И тем не менее Писание ясно и убедительно говорило о наступлении лучших времен. Это были не просто взятые наугад разрозненные пророчества, авторы которых с безопасной дистанции несут чушь, выдавая ее за предсказания будущего. Все Писание читалось как единая повесть. Ее героем был Израиль, и теперь сюжет приближался к предустановленной развязке. Очень скоро наступит день, когда ГОСПОДЬ воссядет на престоле. Зло будет побеждено раз и навсегда. Израиль или, по крайней мере, его верные сыны снова станут истинными избранниками единого истинного Бога.

Эти идеи, питавшие «ревность» шаммаитов, можно обобщить следующим образом.
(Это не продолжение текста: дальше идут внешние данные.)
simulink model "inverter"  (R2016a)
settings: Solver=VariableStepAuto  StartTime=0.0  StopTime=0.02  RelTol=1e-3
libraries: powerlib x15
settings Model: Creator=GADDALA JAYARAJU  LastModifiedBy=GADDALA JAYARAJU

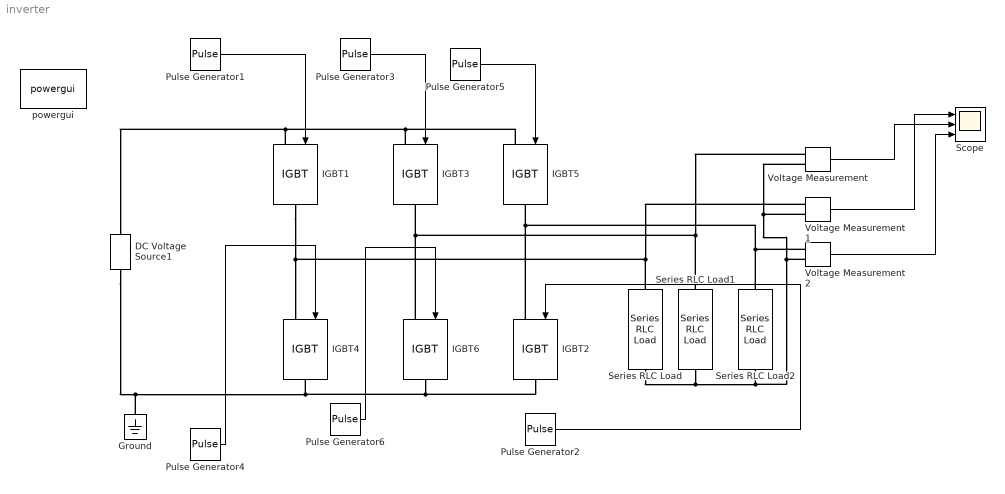
== system inverter ==
  DC Voltage Source1 : powerlib/Electrical Sources/DC Voltage Source  Amplitude=500  Measurements=None
  Ground : powerlib/Elements/Ground  LConnTagsString=a
  IGBT{1..6} (6 alike) : powerlib/Power Electronics/IGBT  Ron=0.001  Lon=0  Vf=1  Tf=1e-6  Tt=2e-6  IC=0  Rs=1e5  Cs=inf  Measurements=off
  Pulse Generator1 : DiscretePulseGenerator  PulseType=Time based  Period=2e-3  PulseWidth=50
  Pulse Generator2 : DiscretePulseGenerator  PulseType=Time based  Period=2e-3  PulseWidth=50  PhaseDelay=(2e-3)*(1/6)
  Pulse Generator3 : DiscretePulseGenerator  PulseType=Time based  Period=2e-3  PulseWidth=50  PhaseDelay=(2e-3)*(2/6)
  Pulse Generator4 : DiscretePulseGenerator  PulseType=Time based  Period=2e-3  PulseWidth=50  PhaseDelay=(2e-3)*(3/6)
  Pulse Generator5 : DiscretePulseGenerator  PulseType=Time based  Period=2e-3  PulseWidth=50  PhaseDelay=(2e-3)*(4/6)
  Pulse Generator6 : DiscretePulseGenerator  PulseType=Time based  Period=2e-3  PulseWidth=50  PhaseDelay=(2e-3)*(5/6)
  Scope : Scope  NumInputPorts=3
  Series RLC Load : powerlib/Elements/Series RLC Load  LConnTagsString=a  RConnTagsString=__new0  NominalVoltage=230  NominalFrequency=50  ActivePower=100  InductivePower=0  CapacitivePower=0  Setx0=off  InitialVoltage=0  SetiL0=off  InitialCurrent=0  Measurements=None  LoadType=constant Z
  Series RLC Load1 : powerlib/Elements/Series RLC Load  LConnTagsString=a  RConnTagsString=__new0  NominalVoltage=230  NominalFrequency=50  ActivePower=100  InductivePower=0  CapacitivePower=0  Setx0=off  InitialVoltage=0  SetiL0=off  InitialCurrent=0  Measurements=None  LoadType=constant Z
  Series RLC Load2 : powerlib/Elements/Series RLC Load  LConnTagsString=a  RConnTagsString=__new0  NominalVoltage=230  NominalFrequency=50  ActivePower=100  InductivePower=0  CapacitivePower=0  Setx0=off  InitialVoltage=0  SetiL0=off  InitialCurrent=0  Measurements=None  LoadType=constant Z
  Voltage Measurement : powerlib/Measurements/Voltage Measurement  PhasorSimulation=off  OutputType=Complex  PSBequivalent=0
  Voltage Measurement1 : powerlib/Measurements/Voltage Measurement  PhasorSimulation=off  OutputType=Complex  PSBequivalent=0
  Voltage Measurement2 : powerlib/Measurements/Voltage Measurement  PhasorSimulation=off  OutputType=Complex  PSBequivalent=0
  powergui : powerlib/powergui  Priority=1  SimulationMode=Discrete  SolverType=Tustin/Backward Euler (TBE)  SampleTime=50e-6  frequency=60  SPID=off  DisableSnubberDevices=off  DisableRonSwitches=off  DisableVfSwitches=off  SwTol=0  DisplayEquations=off  Interpol=off  ExternalGateDelay=off  methode=off  Ts=10  FunctionMessages=off  echomessages=off  HookPort=off  EnableUseOfTLC=off  x0status=blocks  frequencyindice=0  Pbase=100e6  ErrMax=1e-4  Iterations=50  UnitsV=kV  UnitsW=MW  buscounter=0  RestoreLinks=warning  ResistiveCurrentMeasurement=off  Frange=[0:2:500]  Ylog=off  Xlog=on  ShowGrid=off  save=off  variable=ZData  structure=0  ZoomFFT=off  StartTime=0.0  cycles=1  DisplayStyle=1  fundamental=60  FreqAxis=off  MaxFrequency=1000  frequencyindicesteady=1  RmsSteady=1  display=off
  wires:
  Pulse Generator1/1 -> IGBT1/1
  Pulse Generator3/1 -> IGBT3/1
  Pulse Generator5/1 -> IGBT5/1
  Voltage Measurement/1 -> Scope/2
  Voltage Measurement2/1 -> Scope/3
  Voltage Measurement1/1 -> Scope/1
  Pulse Generator4/1 -> IGBT4/1
  Pulse Generator6/1 -> IGBT6/1
  Pulse Generator2/1 -> IGBT2/1
  connections:
  IGBT1/LConn1 -- IGBT5/LConn1 -- IGBT3/LConn1 -- DC Voltage Source1/RConn1
  DC Voltage Source1/LConn1 -- Ground/LConn1 -- IGBT2/RConn1 -- IGBT6/RConn1 -- IGBT4/RConn1
  IGBT1/RConn1 -- Series RLC Load/LConn1 -- Voltage Measurement1/LConn1 -- IGBT4/LConn1
  IGBT6/LConn1 -- Series RLC Load1/LConn1 -- Voltage Measurement/LConn1 -- IGBT3/RConn1
  IGBT2/LConn1 -- Voltage Measurement2/LConn1 -- Series RLC Load2/LConn1 -- IGBT5/RConn1
  Series RLC Load/RConn1 -- Voltage Measurement2/LConn2 -- Voltage Measurement1/LConn2 -- Voltage Measurement/LConn2 -- Series RLC Load2/RConn1 -- Series RLC Load1/RConn1

В иудейском богословии того периода можно выделить три основных измерения: монотеизм, богоизбранность, эсхатология. Есть только один Бог — единый истинный Бог, владычествующий над миром; у единого истинного Бога есть только один народ — Израиль; у мира, над которым владычествует единый Бог, есть только одно будущее, и оно наступит совсем скоро: приближаются дни, когда истинный Бог явит Себя, победит зло и освободит Свой народ. Движимый этой верой, Савл искренне старался поступать «согласно Писанию». Священные тексты были для него не набором прописных истин, а повестью с хорошим концом, который ему предстояло приблизить.